My name is Bob, and I started suffering from PE about 2 months ago. It started as a loss of sensation/tingling in my legs, lower back, and arms - especially the outer part of the arm, but including the hands. Within a week I was using a walker, and then spent 6 days in 2 hospitals - that time included a spinal tap to check my spinal fluids for virus & signs lf menangitis - but no such evidence was found. During the prior 3 months (May-July), I'd made some significant lifestyle changes including stopping drinking, and exercising nearly daily - I was already eating fairly healthy (not alot of processed foods, most food made from scratch here in my kitchen, high use of organic product). I am not diabetic, nor pre-diabetic... in fact the only out of range number during my last physical was that my HDL's should be above 40, and mine was 37. There was no specific B12 indicator.

When I was first in the hospital, I was told these kinds of things can take days/weeks to recover from. Since then I've learned a more ugly truth - some people never recover. Some get a partial recovery. Some of you folks have been dealing with this for 10+ years. When doctors dont know for sure, they seem to generally default to the "b12" deficiency theory, because they have no other answer.

Thank you whoever started this site, I finally feel like I have some folks I can talk to who understand and may have some answers.

Q1: are there any official published numbers on % of PE patients who achieve a) a full recovery, b) a partial recovery, and c) do not recover? Ive searched the internet some, and cannot find any solid study numbers - I'd really like to know what my odds are.

Q2: any other suggestions on dealing with this maddening condition appreciated

Currently I'm taking 1000 mcg of B12 and Norwegian gold broad Omega (5 different kinds of omega oil). I have 9 PT, 9 balance and 13 OT exercises + as much treadmill as i can do (up to 1.0 mph at 6 minutes) and I walk without the walker or cruches as often as i can (about 60% of the time). I can do some basic chores (wash dishes, do laundry), but still cannot get up from the floor if I fall.

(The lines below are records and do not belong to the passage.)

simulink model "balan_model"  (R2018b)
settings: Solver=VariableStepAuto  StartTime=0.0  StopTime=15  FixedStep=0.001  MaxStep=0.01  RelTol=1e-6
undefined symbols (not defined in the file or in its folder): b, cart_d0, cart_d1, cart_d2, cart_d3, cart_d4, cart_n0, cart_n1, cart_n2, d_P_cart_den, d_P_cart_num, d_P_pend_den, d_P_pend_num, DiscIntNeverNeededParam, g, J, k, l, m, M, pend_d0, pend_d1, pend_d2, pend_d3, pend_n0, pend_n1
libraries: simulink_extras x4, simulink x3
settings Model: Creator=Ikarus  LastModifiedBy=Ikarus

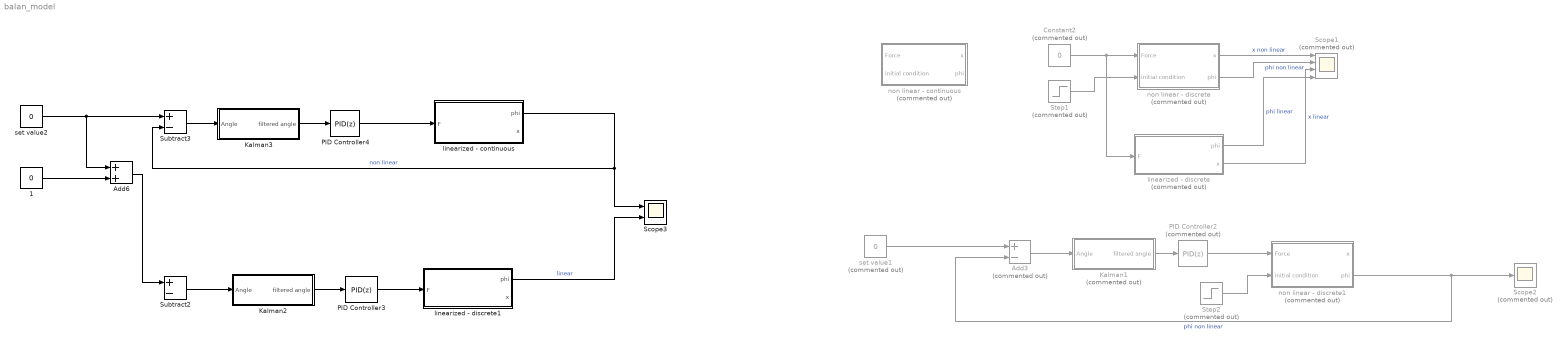
== system balan_model ==
  " 1" : Constant  Value=0  SampleTime=-1
  Add3 : Sum  Commented=on  Inputs=+-
  Add6 : Sum
  Constant2 : Constant  Commented=on  Value=0
  Kalman1 : Subsystem  Commented=on  mask{step_time=0.01}
      mask prompts: step_time "step time"
  Kalman2 : Subsystem  mask{step_time=0.01}
      mask prompts: step_time "step time"
  Kalman3 : Subsystem  mask{step_time=0.01}
      mask prompts: step_time "step time"
  PID Controller2 : simulink/Continuous/PID Controller  Commented=on  Controller=PID  Form=Parallel  TimeDomain=Discrete-time  SampleTime=-1  IntegratorMethod=Forward Euler  FilterMethod=Forward Euler  ControllerParametersSource=internal  P=1235  I=9215  D=40  UseFilter=on  N=868  TunerSelectOption=Transfer Function Based (PID Tuner App)  InitialConditionSource=internal  InitialConditionForIntegrator=0  InitialConditionForFilter=0  DifferentiatorICPrevScaledInput=0  ExternalReset=none  TrackingMode=off  Kt=1  LimitOutput=off  UpperSaturationLimit=inf  LowerSaturationLimit=-inf  LinearizeAsGain=on  AntiWindupMode=none  Kb=1  POutMin=[]  POutMax=[]  IOutMin=[]  IOutMax=[]  DOutMin=[]  DOutMax=[]  NOutMin=[]  NOutMax=[]  SumOutMin=[]  SumOutMax=[]  SaturationOutMin=[]  SaturationOutMax=[]  PParamMin=[]  PParamMax=[]  IParamMin=[]  IParamMax=[]  DParamMin=[]  DParamMax=[]  NParamMin=[]  NParamMax=[]  KbParamMin=[]  KbParamMax=[]  KtParamMin=[]  KtParamMax=[]  KbOutMin=[]  KbOutMax=[]  KtOutMin=[]  KtOutMax=[]  IntegratorOutMin=[]  IntegratorOutMax=[]  FilterOutMin=[]  FilterOutMax=[]  SumI1OutMin=[]  SumI1OutMax=[]  SumI2OutMin=[]  SumI2OutMax=[]  SumI3OutMin=[]  SumI3OutMax=[]  SumI4OutMin=[]  SumI4OutMax=[]  SumDOutMin=[]  SumDOutMax=[]  DifferentiatorOutMin=[]  DifferentiatorOutMax=[]  FilterDiffOutCoefMin=[]  FilterDiffOutCoefMax=[]  ReciprocalOutMin=[]  ReciprocalOutMax=[]  SumDenOutMin=[]  SumDenOutMax=[]  SumNumOutMin=[]  SumNumOutMax=[]  DivideOutMin=[]  DivideOutMax=[]  IntegratorContinuousStateAttributes=''  IntegratorStateMustResolveToSignalObject=off  IntegratorRTWStateStorageClass=Auto  FilterContinuousStateAttributes=''  FilterStateMustResolveToSignalObject=off  FilterRTWStateStorageClass=Auto  ParallelPVariant=InternalParameters  IdealPVariant=Disabled  IVariant=InternalParameters  DVariant=InternalParameters  IntegratorVariant=Discrete  SatVariant=Disabled  AWVariant=Passthrough  PCopyVariant=Disabled  TRVariant=Disabled  FdbkBlocksVariant=Forward  IdealPFdbkVariant=Disabled  SatFdbkVariant=Disabled  DerivativeFilterVariant=ForwardEulerFilter  NVariant=InternalParameters  NCopyVariant=Disabled  FilterICVariant=InternalICsFilter  IntegratorICVariant=InternalICs  ExternalResetVariant=Disabled  TRSumVariant=Passthrough  SumFdbkVariant=Disabled  SumVariant=Sum_PID
  PID Controller3 : simulink/Continuous/PID Controller  Controller=PID  Form=Parallel  TimeDomain=Discrete-time  SampleTime=-1  IntegratorMethod=Forward Euler  FilterMethod=Forward Euler  ControllerParametersSource=internal  P=789.794814229085  I=503.452349337569  D=303.317596444162  UseFilter=on  N=74.1133672012099  TunerSelectOption=Transfer Function Based (PID Tuner App)  InitialConditionSource=internal  InitialConditionForIntegrator=0  InitialConditionForFilter=0  DifferentiatorICPrevScaledInput=0  ExternalReset=none  TrackingMode=off  Kt=1  LimitOutput=off  UpperSaturationLimit=inf  LowerSaturationLimit=-inf  LinearizeAsGain=on  AntiWindupMode=none  Kb=1  POutMin=[]  POutMax=[]  IOutMin=[]  IOutMax=[]  DOutMin=[]  DOutMax=[]  NOutMin=[]  NOutMax=[]  SumOutMin=[]  SumOutMax=[]  SaturationOutMin=[]  SaturationOutMax=[]  PParamMin=[]  PParamMax=[]  IParamMin=[]  IParamMax=[]  DParamMin=[]  DParamMax=[]  NParamMin=[]  NParamMax=[]  KbParamMin=[]  KbParamMax=[]  KtParamMin=[]  KtParamMax=[]  KbOutMin=[]  KbOutMax=[]  KtOutMin=[]  KtOutMax=[]  IntegratorOutMin=[]  IntegratorOutMax=[]  FilterOutMin=[]  FilterOutMax=[]  SumI1OutMin=[]  SumI1OutMax=[]  SumI2OutMin=[]  SumI2OutMax=[]  SumI3OutMin=[]  SumI3OutMax=[]  SumI4OutMin=[]  SumI4OutMax=[]  SumDOutMin=[]  SumDOutMax=[]  DifferentiatorOutMin=[]  DifferentiatorOutMax=[]  FilterDiffOutCoefMin=[]  FilterDiffOutCoefMax=[]  ReciprocalOutMin=[]  ReciprocalOutMax=[]  SumDenOutMin=[]  SumDenOutMax=[]  SumNumOutMin=[]  SumNumOutMax=[]  DivideOutMin=[]  DivideOutMax=[]  IntegratorContinuousStateAttributes=''  IntegratorStateMustResolveToSignalObject=off  IntegratorRTWStateStorageClass=Auto  FilterContinuousStateAttributes=''  FilterStateMustResolveToSignalObject=off  FilterRTWStateStorageClass=Auto  ParallelPVariant=InternalParameters  IdealPVariant=Disabled  IVariant=InternalParameters  DVariant=InternalParameters  IntegratorVariant=Discrete  SatVariant=Disabled  AWVariant=Passthrough  PCopyVariant=Disabled  TRVariant=Disabled  FdbkBlocksVariant=Forward  IdealPFdbkVariant=Disabled  SatFdbkVariant=Disabled  DerivativeFilterVariant=ForwardEulerFilter  NVariant=InternalParameters  NCopyVariant=Disabled  FilterICVariant=InternalICsFilter  IntegratorICVariant=InternalICs  ExternalResetVariant=Disabled  TRSumVariant=Passthrough  SumFdbkVariant=Disabled  SumVariant=Sum_PID
  PID Controller4 : simulink/Continuous/PID Controller  Controller=PID  Form=Parallel  TimeDomain=Discrete-time  SampleTime=-1  IntegratorMethod=Forward Euler  FilterMethod=Forward Euler  ControllerParametersSource=internal  P=94.3174432822609  I=179.101520876593  D=7.29108455594587  UseFilter=on  N=1162.58764416015  TunerSelectOption=Transfer Function Based (PID Tuner App)  InitialConditionSource=internal  InitialConditionForIntegrator=0  InitialConditionForFilter=0  DifferentiatorICPrevScaledInput=0  ExternalReset=none  TrackingMode=off  Kt=1  LimitOutput=off  UpperSaturationLimit=inf  LowerSaturationLimit=-inf  LinearizeAsGain=on  AntiWindupMode=none  Kb=1  POutMin=[]  POutMax=[]  IOutMin=[]  IOutMax=[]  DOutMin=[]  DOutMax=[]  NOutMin=[]  NOutMax=[]  SumOutMin=[]  SumOutMax=[]  SaturationOutMin=[]  SaturationOutMax=[]  PParamMin=[]  PParamMax=[]  IParamMin=[]  IParamMax=[]  DParamMin=[]  DParamMax=[]  NParamMin=[]  NParamMax=[]  KbParamMin=[]  KbParamMax=[]  KtParamMin=[]  KtParamMax=[]  KbOutMin=[]  KbOutMax=[]  KtOutMin=[]  KtOutMax=[]  IntegratorOutMin=[]  IntegratorOutMax=[]  FilterOutMin=[]  FilterOutMax=[]  SumI1OutMin=[]  SumI1OutMax=[]  SumI2OutMin=[]  SumI2OutMax=[]  SumI3OutMin=[]  SumI3OutMax=[]  SumI4OutMin=[]  SumI4OutMax=[]  SumDOutMin=[]  SumDOutMax=[]  DifferentiatorOutMin=[]  DifferentiatorOutMax=[]  FilterDiffOutCoefMin=[]  FilterDiffOutCoefMax=[]  ReciprocalOutMin=[]  ReciprocalOutMax=[]  SumDenOutMin=[]  SumDenOutMax=[]  SumNumOutMin=[]  SumNumOutMax=[]  DivideOutMin=[]  DivideOutMax=[]  IntegratorContinuousStateAttributes=''  IntegratorStateMustResolveToSignalObject=off  IntegratorRTWStateStorageClass=Auto  FilterContinuousStateAttributes=''  FilterStateMustResolveToSignalObject=off  FilterRTWStateStorageClass=Auto  ParallelPVariant=InternalParameters  IdealPVariant=Disabled  IVariant=InternalParameters  DVariant=InternalParameters  IntegratorVariant=Discrete  SatVariant=Disabled  AWVariant=Passthrough  PCopyVariant=Disabled  TRVariant=Disabled  FdbkBlocksVariant=Forward  IdealPFdbkVariant=Disabled  SatFdbkVariant=Disabled  DerivativeFilterVariant=ForwardEulerFilter  NVariant=InternalParameters  NCopyVariant=Disabled  FilterICVariant=InternalICsFilter  IntegratorICVariant=InternalICs  ExternalResetVariant=Disabled  TRSumVariant=Passthrough  SumFdbkVariant=Disabled  SumVariant=Sum_PID
  Scope1 : Scope  Commented=on  NumInputPorts=4
  Scope2 : Scope  Commented=on
  Scope3 : Scope  NumInputPorts=2
  Step1 : Step  Commented=on  Before=10*pi/180  After=0  SampleTime=0
  Step2 : Step  Commented=on  Before=10*pi/180  After=0  SampleTime=0
  Subtract2 : Sum  Inputs=+-
  Subtract3 : Sum  Inputs=+-
  linearized - continuous : Subsystem
  linearized - discrete : Subsystem  Commented=on
  linearized - discrete1 : Subsystem
  non linear - continuous : Subsystem  Commented=on
  non linear - discrete : Subsystem  Commented=on
  non linear - discrete1 : Subsystem  Commented=on
  set value1 : Constant  Commented=on  Value=0
  set value2 : Constant  Value=0  SampleTime=-1
  wires:
  non linear - discrete/1(x) -> Scope1/1  "x non linear"
  non linear - discrete/2(phi) -> Scope1/2  "phi non linear"
  Constant2/1 -> linearized - discrete/1(F), non linear - discrete/1("Force ")
  linearized - discrete/1(phi) -> Scope1/4  "phi linear"
  linearized - discrete/2(x) -> Scope1/3  "x linear"
  Step1/1 -> non linear - discrete/2("initial condition ")
  PID Controller2/1 -> non linear - discrete1/1("Force ")
  Step2/1 -> non linear - discrete1/2("initial condition ")
  non linear - discrete1/2(phi) -> Scope2/1, Add3/2  "phi non linear"
  set value1/1 -> Add3/1
  Kalman1/1(filtered angle) -> PID Controller2/1
  Add3/1 -> Kalman1/1("Angle ")
  Add6/1 -> Subtract2/1
  linearized - continuous/1(phi) -> Subtract3/2, Scope3/1  "non linear"
  set value2/1 -> Subtract3/1, Add6/1
  " 1"/1 -> Add6/2
  Kalman3/1(filtered angle) -> PID Controller4/1
  Subtract3/1 -> Kalman3/1("Angle ")
  PID Controller4/1 -> linearized - continuous/1(F)
  Subtract2/1 -> Kalman2/1("Angle ")
  PID Controller3/1 -> linearized - discrete1/1(F)
  linearized - discrete1/1(phi) -> Scope3/2  "linear"
  Kalman2/1(filtered angle) -> PID Controller3/1

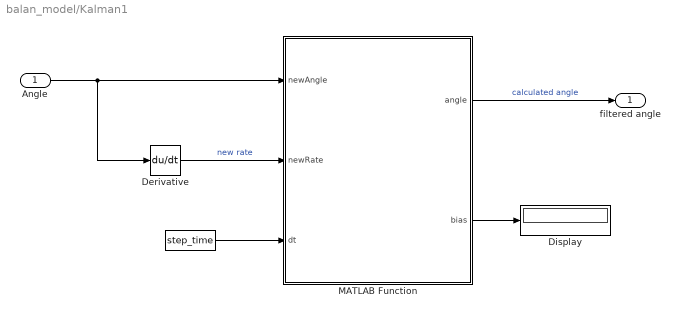
== system balan_model/Kalman1 ==
  "Angle " : Inport
  "  " : Constant  Value=step_time
  Derivative : Derivative
  Display : Display
  MATLAB Function : MATLAB Function  TreatAsAtomicUnit=on
  filtered angle : Outport
  wires:
  "  "/1 -> MATLAB Function/3(dt)
  Derivative/1 -> MATLAB Function/2(newRate)  "new rate"
  MATLAB Function/1(angle) -> filtered angle/1  "calculated angle"
  "Angle "/1 -> Derivative/1, MATLAB Function/1(newAngle)
  MATLAB Function/2(bias) -> Display/1

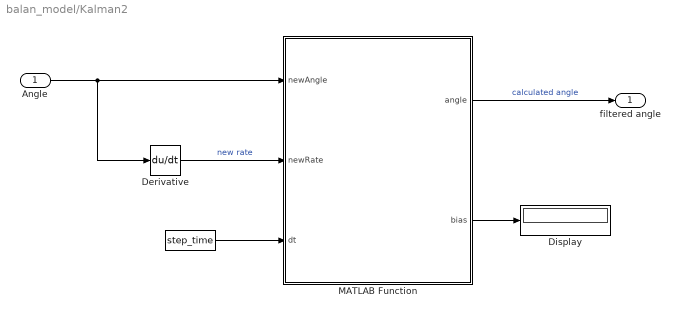
== system balan_model/Kalman2 ==
  "Angle " : Inport
  "  " : Constant  Value=step_time  SampleTime=-1
  Derivative : Derivative  CoefficientInTFapproximation=-1
  Display : Display
  MATLAB Function : MATLAB Function  TreatAsAtomicUnit=on
  filtered angle : Outport
  wires:
  MATLAB Function/2(bias) -> Display/1
  "Angle "/1 -> MATLAB Function/1(newAngle), Derivative/1
  MATLAB Function/1(angle) -> filtered angle/1  "calculated angle"
  Derivative/1 -> MATLAB Function/2(newRate)  "new rate"
  "  "/1 -> MATLAB Function/3(dt)

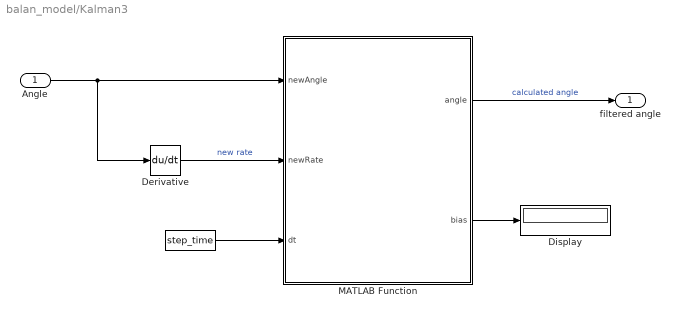
== system balan_model/Kalman3 ==
  "Angle " : Inport
  "  " : Constant  Value=step_time
  Derivative : Derivative
  Display : Display
  MATLAB Function : MATLAB Function  TreatAsAtomicUnit=on
  filtered angle : Outport
  wires:
  "  "/1 -> MATLAB Function/3(dt)
  Derivative/1 -> MATLAB Function/2(newRate)  "new rate"
  MATLAB Function/1(angle) -> filtered angle/1  "calculated angle"
  "Angle "/1 -> Derivative/1, MATLAB Function/1(newAngle)
  MATLAB Function/2(bias) -> Display/1

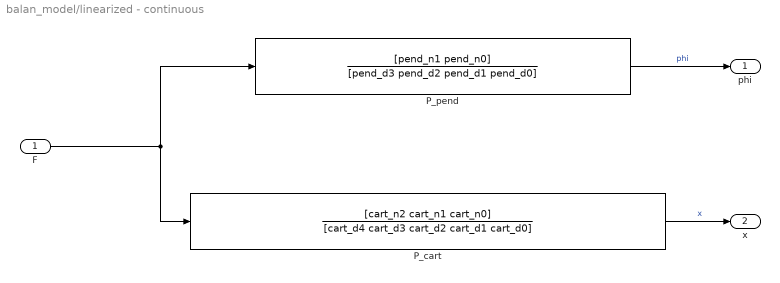
== system balan_model/linearized - continuous ==
  F : Inport
  P_cart : TransferFcn  Numerator=[cart_n2 cart_n1 cart_n0]  Denominator=[cart_d4 cart_d3 cart_d2 cart_d1 cart_d0]
  P_pend : TransferFcn  Numerator=[pend_n1 pend_n0]  Denominator=[pend_d3 pend_d2 pend_d1 pend_d0]
  phi : Outport
  x : Outport  Port=2
  wires:
  P_cart/1 -> x/1  "x"
  F/1 -> P_pend/1, P_cart/1
  P_pend/1 -> phi/1  "phi"

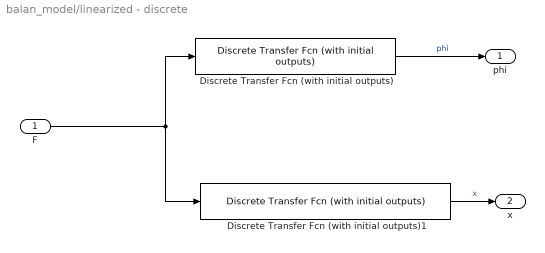
== system balan_model/linearized - discrete ==
  F : Inport
  Discrete Transfer Fcn (with initial outputs) : simulink_extras/Additional Discrete/Discrete Transfer Fcn (with initial outputs)  N=[d_P_pend_num]  D=[d_P_pend_den]  U0=0  Y0=10  TS=-1
      settings: SourceProductName=Simulink  SourceProductBaseCode=SL
  Discrete Transfer Fcn (with initial outputs)1 : simulink_extras/Additional Discrete/Discrete Transfer Fcn (with initial outputs)  N=[d_P_cart_num]  D=[d_P_cart_den]  U0=0  Y0=0  TS=-1
      settings: SourceProductName=Simulink  SourceProductBaseCode=SL
  phi : Outport
  x : Outport  Port=2
  wires:
  Discrete Transfer Fcn (with initial outputs)/1 -> phi/1  "phi"
  Discrete Transfer Fcn (with initial outputs)1/1 -> x/1  "x"
  F/1 -> Discrete Transfer Fcn (with initial outputs)1/1, Discrete Transfer Fcn (with initial outputs)/1

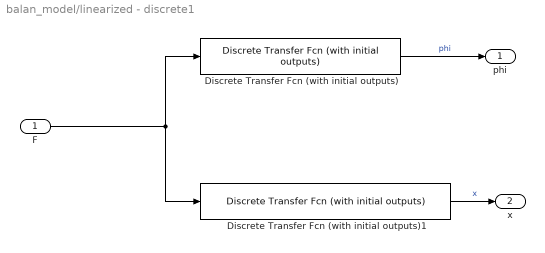
== system balan_model/linearized - discrete1 ==
  F : Inport
  Discrete Transfer Fcn (with initial outputs) : simulink_extras/Additional Discrete/Discrete Transfer Fcn (with initial outputs)  N=[d_P_pend_num]  D=[d_P_pend_den]  U0=0  Y0=10*pi/180  TS=-1
      settings: SourceProductName=Simulink  SourceProductBaseCode=SL
  Discrete Transfer Fcn (with initial outputs)1 : simulink_extras/Additional Discrete/Discrete Transfer Fcn (with initial outputs)  N=[d_P_cart_num]  D=[d_P_cart_den]  U0=0  Y0=0  TS=-1
      settings: SourceProductName=Simulink  SourceProductBaseCode=SL
  phi : Outport
  x : Outport  Port=2
  wires:
  F/1 -> Discrete Transfer Fcn (with initial outputs)/1, Discrete Transfer Fcn (with initial outputs)1/1
  Discrete Transfer Fcn (with initial outputs)1/1 -> x/1  "x"
  Discrete Transfer Fcn (with initial outputs)/1 -> phi/1  "phi"

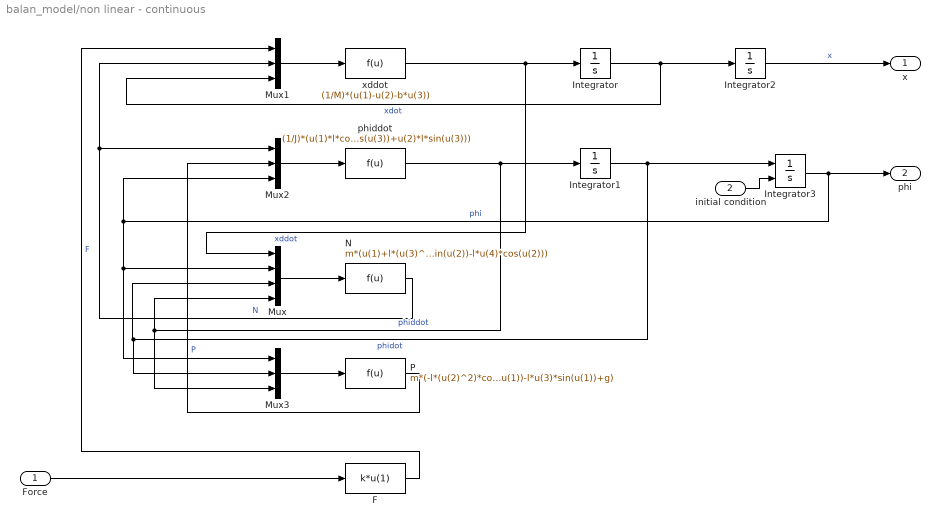
== system balan_model/non linear - continuous ==
  "Force " : Inport
  "initial condition " : Inport  Port=2
  F : Fcn  Expr=k*u(1)
  Integrator : Integrator
  Integrator1 : Integrator
  Integrator2 : Integrator
  Integrator3 : Integrator  InitialConditionSource=external  InitialCondition=pi/36
  Mux : Mux
  Mux1 : Mux  Inputs=3
  Mux2 : Mux  Inputs=3
  Mux3 : Mux  Inputs=3
  N : Fcn  Expr=m*(u(1)+l*(u(3)^2)*sin(u(2))-l*u(4)*cos(u(2)))
  P : Fcn  Expr=m*(-l*(u(2)^2)*cos(u(1))-l*u(3)*sin(u(1))+g)
  phiddot : Fcn  Expr=(1/J)*(u(1)*l*cos(u(3))+u(2)*l*sin(u(3)))
  xddot : Fcn  Expr=(1/M)*(u(1)-u(2)-b*u(3))
  x : Outport
  phi : Outport  Port=2
  wires:
  Mux2/1 -> phiddot/1
  Integrator1/1 -> Integrator3/1, Mux3/2, Mux/3  "phidot"
  "Force "/1 -> F/1
  Integrator3/1 -> phi/1, Mux2/3, Mux3/1, Mux/2  "phi"
  Integrator/1 -> Integrator2/1, Mux1/3  "xdot"
  Mux/1 -> N/1
  F/1 -> Mux1/1  "F"
  xddot/1 -> Mux/1, Integrator/1  "xddot"
  P/1 -> Mux2/2  "P"
  Integrator2/1 -> x/1  "x"
  N/1 -> Mux1/2, Mux2/1  "N"
  phiddot/1 -> Mux3/3, Mux/4, Integrator1/1  "phiddot"
  Mux1/1 -> xddot/1
  Mux3/1 -> P/1
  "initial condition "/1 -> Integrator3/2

I try to get thru half the exercises every day, and I rotate them.

I've noticed my endurance/energy tends to trail off about mid-afternoon, so evenings I'm mostly using the walker.

Please tell me there is an escape from this hell! I cannot drive safely (my foot sometimes cannot find the brake), I can barely type, and cant walk up and down the halls of work. I'm still on short term disability, but if I remain in this condition for another month, I'll have to switch to long term, which likely means I will lose my job. How difficult/must time does it take to start getting SSI if I am declared disabled? Will they help me move, given that I'm in an expensive house at the moment, and will clearly have to sell/move if I'm reduced to SSI income. What about getting into supplemental medicare programs (insurance) to offset Medicare expenses, given I already have this damn thing. The future seems so bleak...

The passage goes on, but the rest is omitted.